**WHAT THE TASK REQUIRES**: Please transcribe the data that follows without the pictures, keeping every word the same.

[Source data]
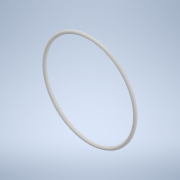
# Autodesk Inventor part: O-Ring_55_2
Saved by Autodesk Inventor 2020.2 (Build 242310000, 310)
## iProperties
Created: 2020-11-13
Part Number: O-Ring_55_2
Material: Generisch
Document SubType Name: Modeling
Designer: g.schardt
Density: 1 g/cm^3
Appearance: Vorgabe
Author: g.schardt
Autodesk Inventor part; units mm, degrees
ref_plane "YZ Plane" through (0, 0, 0) normal (1, 0, 0) x (0, 1, 0)
ref_plane "XZ Plane" through (0, 0, 0) normal (0, 1, 0) x (-1, 0, 0)
ref_plane "XY Plane" through (0, 0, 0) normal (0, 0, 1) x (1, 0, 0)
sketch "Skizze1" plane through (0, 0, 0) normal (1, 0, 0) x (0, 1, 0)
  circle A0 centre (-27.5, 0) radius 1
  line L0 (0, -1.4) -> (0, 1.4) projected
  point P0 (0, 0)
  dimension "d3" = 27.5
  constraints: 1 centre point, 1 horizontal alignment, 1 other
  measures "d3" distance of point (0, 0) A0.centre
revolve "Umdrehung1" add sketch "Skizze1" angle 360 about axis through (0, 0, -10) along (0, 0, 1)

**WRITTEN ANSWER**:
# Autodesk Inventor part: O-Ring_55_2
Saved by Autodesk Inventor 2020.2 (Build 242310000, 310)
## iProperties
Created: 2020-11-13
Part Number: O-Ring_55_2
Material: Generisch
Document SubType Name: Modeling
Designer: g.schardt
Density: 1 g/cm^3
Appearance: Vorgabe
Author: g.schardt
Autodesk Inventor part; units mm, degrees
ref_plane "YZ Plane" through (0, 0, 0) normal (1, 0, 0) x (0, 1, 0)
ref_plane "XZ Plane" through (0, 0, 0) normal (0, 1, 0) x (-1, 0, 0)
ref_plane "XY Plane" through (0, 0, 0) normal (0, 0, 1) x (1, 0, 0)
sketch "Skizze1" plane through (0, 0, 0) normal (1, 0, 0) x (0, 1, 0)
  circle A0 centre (-27.5, 0) radius 1
  line L0 (0, -1.4) -> (0, 1.4) projected
  point P0 (0, 0)
  dimension "d3" = 27.5
  constraints: 1 centre point, 1 horizontal alignment, 1 other
  measures "d3" distance of point (0, 0) A0.centre
revolve "Umdrehung1" add sketch "Skizze1" angle 360 about axis through (0, 0, -10) along (0, 0, 1)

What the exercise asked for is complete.